● **Your instructions**: Copy out every line in the entries below that includes "from".

***** Available data *****

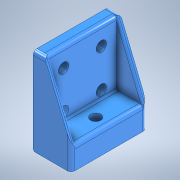
# Autodesk Inventor part: Foot_Bracket
Saved by Autodesk Inventor 2021 (Build 250183000, 183)
## iProperties
Created: 2021-05-18
Part Number: Foot_Bracket
Material: Generic
Document SubType Name: Modeling
Designer: Jorian Brusind
Density: 1 g/cm^3
Appearance: Cyan
Author: Jorian Brusind
Autodesk Inventor part; units mm, degrees
ref_plane "YZ Plane" through (0, 0, 0) normal (1, 0, 0) x (0, 1, 0)
ref_plane "XZ Plane" through (0, 0, 0) normal (0, 1, 0) x (-1, 0, 0)
ref_plane "XY Plane" through (0, 0, 0) normal (0, 0, 1) x (1, 0, 0)
sketch "Sketch1" plane through (0, 0, 0) normal (0, 1, 0) x (-1, 0, 0)
  line L0 (0, 0) -> (20, 0)
  line L1 (20, 0) -> (20, -40)
  line L2 (20, -40) -> (0, -40)
  line L3 (0, -40) -> (0, 0)
  dimension "d0" = 20
  dimension "d1" = 40
  constraints: 8 end point, 2 parallel, 1 horizontal, 1 perpendicular
  measures "d0" distance of L1.end L2.end
  measures "d1" distance of L0.end L1.end
extrude "Extrusion1" add sketch "Sketch1" along normal blind 12
sketch "Sketch2" plane through (0, 12, 0) normal (0, 1, 0) x (1, 0, 0)
  line L0 (-20, 40) -> (-20, 0) projected
  line L1 (-20, 0) -> (-14, 0)
  line L2 (-14, 0) -> (-14, 40)
  line L3 (-14, 40) -> (-20, 40)
  line L4 (-20, 40) -> (-20, 0)
  point P0 (0, 0)
  dimension "d4" = 6
  dimension "d5" = 40
  constraints: 8 end point, 2 parallel, 1 horizontal, 1 perpendicular
  measures "d4" distance of L3.end L2.end
  measures "d5" distance of L2.end L1.end
extrude "Extrusion2" add sketch "Sketch2" along normal blind 34
sketch "Sketch3" plane through (0, 0, 0) normal (0, -1, 0) x (1, 0, 0)
  circle A0 centre (-7, -20) radius 2.75
  line L0 (0, 0) -> (0, -40) projected
  line L1 (-20, 0) -> (0, 0) projected
  dimension "d8" = 5.5
  dimension "d9" = 7
  dimension "d10" = 20
  constraints: 1 centre point
  measures "d8" diameter of A0
  measures "d9" distance from line of L0 A0.centre
  measures "d10" distance from line of L1 A0.centre
extrude "Extrusion3" cut sketch "Sketch3" against normal through all
sketch "Sketch4" plane through (0, 0, 0) normal (0, -1, 0) x (1, 0, 0)
  circle A0 centre (-7, -20) radius 2.75 projected
  line L0 (-2.3812, -20) -> (-4.6906, -24)
  line L1 (-4.6906, -24) -> (-9.3094, -24)
  line L2 (-9.3094, -24) -> (-11.6188, -20)
  line L3 (-11.6188, -20) -> (-9.3094, -16)
  line L4 (-9.3094, -16) -> (-4.6906, -16)
  line L5 (-4.6906, -16) -> (-2.3812, -20)
  line L6 (-14, -40) -> (-14, 0) projected
  point P0 (0, 0)
  dimension "d13" = 8
  dimension "d14" = 90
  constraints: 12 end point, 1 coincident, 13 other
  measures "d13" distance between parallel lines of L1 L4
  measures "d14" angle of L6 L1
extrude "Extrusion4" cut sketch "Sketch4" against normal blind 4
sketch "Sketch5" plane through (0, 0, 0) normal (0, -1, 0) x (1, 0, 0)
  circle A0 centre (-4, -5) radius 2.75
  line L0 (0, 0) -> (0, -40) projected
  line L1 (-20, 0) -> (0, 0) projected
  circle A1 centre (-4, -35) radius 2.75
  circle A2 centre (-16, -5) radius 2.75
  circle A3 centre (-16, -35) radius 2.75
  dimension "d17" = 5.5
  dimension "d18" = 4
  dimension "d19" = 5
  dimension "d22" = 30
  dimension "d25" = 12
  constraints: 4 centre point, 1 horizontal, 1 vertical, 6 other
  measures "d17" diameter of A0
  measures "d18" distance from line of L0 A0.centre
  measures "d19" distance from line of L1 A0.centre
  measures "d22" distance of A0.centre A1.centre
  measures "d25" distance of A0.centre A2.centre
extrude "Extrusion5" cut sketch "Sketch5" against normal blind 8
sketch "Sketch6" plane through (-14, 12, 0) normal (1, 0, 0) x (0, 0, -1)
  circle A0 centre (10, 24) radius 2.75
  line L0 (0, 34) -> (40, 34) projected
  line L1 (0, 0) -> (0, 34) projected
  circle A1 centre (10, 4) radius 2.75
  point P0 (0, -12)
  dimension "d30" = 5.5
  dimension "d31" = 10
  dimension "d32" = 10
  dimension "d33" = 5.5
  dimension "d34" = 20
  dimension "d35" = 10
  constraints: 2 centre point
  measures "d30" diameter of A0
  measures "d31" distance from line of L0 A0.centre
  measures "d32" distance from line of L1 A0.centre
  measures "d33" diameter of A1
  measures "d34" distance of A0.centre A1.centre
  measures "d35" distance from line of L1 A1.centre
extrude "Extrusion6" cut sketch "Sketch6" against normal through all
sketch "Sketch7" plane through (-20, 0, 0) normal (0, 0, 1) x (1, 0, 0)
  line L0 (6, 12) -> (6, 46) projected
  line L1 (6, 46) -> (6, 12)
  line L2 (20, 12) -> (6, 12) projected
  line L3 (6, 12) -> (20, 12)
  line L4 (20, 12) -> (6, 46)
  point P0 (20, 0)
  point P1 (0, 6)
  constraints: 6 end point, 1 collinear, 1 horizontal, 1 other
extrude "Extrusion7" add sketch "Sketch7" against normal blind 2
pattern_linear "Rectangular Pattern1" count 2 spacing 38 along (0, 0, -1) of "Extrusion7"
fillet "Fillet1" radius 2 2 edges at (-14, 46, -20) (0, 12, -20)
fillet "Fillet2" radius 2 2 edges at (0, 6, 0) (0, 6, -40)
fillet "Fillet3" radius 2 2 edges at (-17, 46, 0) (-17, 46, -40)
fillet "Fillet4" radius 1 2 edges at (-7, 29, -2) (-7, 29, -38)
fillet "Fillet5" radius 1 1 edges at (-20, 0, -20)
sketch "Sketch8" plane through (-14, 12, -2) normal (1, 0, 0) x (0, 0, -1)
  circle A0 centre (28, 24) radius 2.75
  circle A1 centre (8, 24) radius 2.75 projected
  line L0 (-0.0289, 32) -> (36.0289, 32) projected
  circle A2 centre (28, 4) radius 2.75
  circle A3 centre (8, 4) radius 2.75 projected
  point P0 (-2, -12)
  dimension "d48" = 5.5
  dimension "d49" = 20
  dimension "d50" = 8
  dimension "d51" = 5.5
  dimension "d52" = 20
  dimension "d53" = 20
  constraints: 2 centre point
  measures "d48" diameter of A0
  measures "d49" distance of A1.centre A0.centre
  measures "d50" distance from line of L0 A0.centre
  measures "d51" diameter of A2
  measures "d52" distance of A2.centre A0.centre
  measures "d53" distance of A3.centre A2.centre
extrude "Extrusion8" cut sketch "Sketch8" against normal through all contours A0 | A2
fillet "Fillet6" radius 1 1 edges at (-14, 12, -20)
body "Solid1"
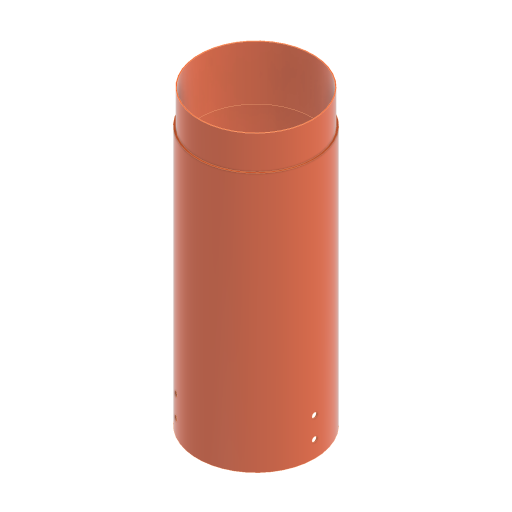
# Autodesk Inventor part: Engine skin
Saved by Autodesk Inventor 2024 (Build 280153000, 153)
## iProperties
Created: 2023-12-30
Part Number: Engine skin
Material: Plastic, Opaque White
Document SubType Name: Modeling
Designer: Jamie
Density: 0.952 g/cm^3
Appearance: Smooth - Light Orange
Author: Jamie
Autodesk Inventor part; units mm, degrees
ref_plane "XZ Plane" through (0, 0, 0) normal (0, 1, 0) x (-1, 0, 0)
sketch "Sketch1" plane through (0, 0, 0) normal (0, 1, 0) x (-1, 0, 0)
  circle A0 centre (0, 0) radius 35
  circle A1 centre (0, 0) radius 34.5
  dimension "d0" = 70
  dimension "d1" = 69
  constraints: 2 centre point, 2 coincident
  measures "d0" diameter of A0
  measures "d1" diameter of A1
extrude "Extrusion1" add sketch "Sketch1" along normal blind 155
ref_plane "Work Plane2" through (35, 0, 0) normal (1, 0, 0) x (0, 1, 0)
sketch "Sketch4" plane through (35, 0, 0) normal (1, 0, 0) x (0, 1, 0)
  line L0 (155, -35) -> (155, 35) projected
  point P0 (0, 0)
  point P1 (10, 0)
  dimension "d48" = 10
  measures "d48" distance of point (0, 0) point (10, 0)
hole "Hole2" at (35, 10, 0) direction (-1, 0, 0) diameter 3 depth 8 tip angle 118
sketch "Sketch5" plane through (0, 155, 0) normal (0, 1, 0) x (1, 0, 0)
  circle A0 centre (0, 0) radius 34
  circle A1 centre (0, 0) radius 33.5
  dimension "d44" = 68
  dimension "d45" = 67
  constraints: 2 centre point, 2 coincident
  measures "d44" diameter of A0
  measures "d45" diameter of A1
extrude "Extrusion3" add sketch "Sketch5" along normal blind 20
sketch "Sketch6" plane through (0, 155, 0) normal (0, -1, 0) x (1, 0, 0)
  circle A0 centre (0, 0) radius 33.5
  circle A1 centre (0, 0) radius 34.5 projected
  circle A2 centre (0, 0) radius 35
  constraints: 2 centre point, 2 coincident
extrude "Extrusion4" add sketch "Sketch6" along normal blind 12.5 contours A1
ref_plane "Work Plane4" through (34, 0, 0) normal (1, 0, 0) x (0, 1, 0)
pattern_circular "Circular Pattern2" count 3 over 360 about axis through (0, 0, 0) along (0, 1, 0) of "Hole2"
sketch "Sketch10" plane through (35, 0, 0) normal (1, 0, 0) x (0, 1, 0)
  point P0 (0, 0)
  point P1 (22.5, 0)
  dimension "d82" = 22.5
  measures "d82" distance of point (0, 0) point (22.5, 0)
hole "Hole6" at (35, 22.5, 0) direction (-1, 0, 0) diameter 3 depth 8 tip angle 118
pattern_circular "Circular Pattern3" count 3 over 360 about axis through (0, 0, 0) along (0, 1, 0) of "Hole6"
body "Solid1"

*****

● **Solution to this problem**:
  measures "d9" distance from line of L0 A0.centre
  measures "d10" distance from line of L1 A0.centre
  measures "d18" distance from line of L0 A0.centre
  measures "d19" distance from line of L1 A0.centre
  measures "d31" distance from line of L0 A0.centre
  measures "d32" distance from line of L1 A0.centre
  measures "d35" distance from line of L1 A1.centre
  measures "d50" distance from line of L0 A0.centre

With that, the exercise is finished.